MATERIALS PROVIDED:
§
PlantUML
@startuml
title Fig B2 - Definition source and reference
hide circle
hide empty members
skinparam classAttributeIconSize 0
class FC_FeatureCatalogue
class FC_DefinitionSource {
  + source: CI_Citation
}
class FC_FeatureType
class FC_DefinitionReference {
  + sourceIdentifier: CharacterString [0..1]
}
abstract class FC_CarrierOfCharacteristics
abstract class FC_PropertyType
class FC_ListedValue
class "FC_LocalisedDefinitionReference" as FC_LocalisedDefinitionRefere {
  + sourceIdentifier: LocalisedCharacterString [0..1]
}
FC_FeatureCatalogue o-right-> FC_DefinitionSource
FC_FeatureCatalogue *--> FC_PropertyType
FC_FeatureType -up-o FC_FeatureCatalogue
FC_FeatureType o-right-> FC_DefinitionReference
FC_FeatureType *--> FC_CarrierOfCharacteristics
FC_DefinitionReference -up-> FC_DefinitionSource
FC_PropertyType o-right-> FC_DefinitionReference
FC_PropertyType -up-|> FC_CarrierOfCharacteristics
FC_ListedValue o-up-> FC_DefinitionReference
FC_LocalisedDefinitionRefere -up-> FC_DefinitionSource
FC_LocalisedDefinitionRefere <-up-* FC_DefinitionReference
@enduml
§
Each entry must be reproduced exactly, with nothing added or dropped.

PlantUML
@startuml
title Fig B2 - Definition source and reference
hide circle
hide empty members
skinparam classAttributeIconSize 0
class FC_FeatureCatalogue
class FC_DefinitionSource {
  + source: CI_Citation
}
class FC_FeatureType
class FC_DefinitionReference {
  + sourceIdentifier: CharacterString [0..1]
}
abstract class FC_CarrierOfCharacteristics
abstract class FC_PropertyType
class FC_ListedValue
class "FC_LocalisedDefinitionReference" as FC_LocalisedDefinitionRefere {
  + sourceIdentifier: LocalisedCharacterString [0..1]
}
FC_FeatureCatalogue o-right-> FC_DefinitionSource
FC_FeatureCatalogue *--> FC_PropertyType
FC_FeatureType -up-o FC_FeatureCatalogue
FC_FeatureType o-right-> FC_DefinitionReference
FC_FeatureType *--> FC_CarrierOfCharacteristics
FC_DefinitionReference -up-> FC_DefinitionSource
FC_PropertyType o-right-> FC_DefinitionReference
FC_PropertyType -up-|> FC_CarrierOfCharacteristics
FC_ListedValue o-up-> FC_DefinitionReference
FC_LocalisedDefinitionRefere -up-> FC_DefinitionSource
FC_LocalisedDefinitionRefere <-up-* FC_DefinitionReference
@enduml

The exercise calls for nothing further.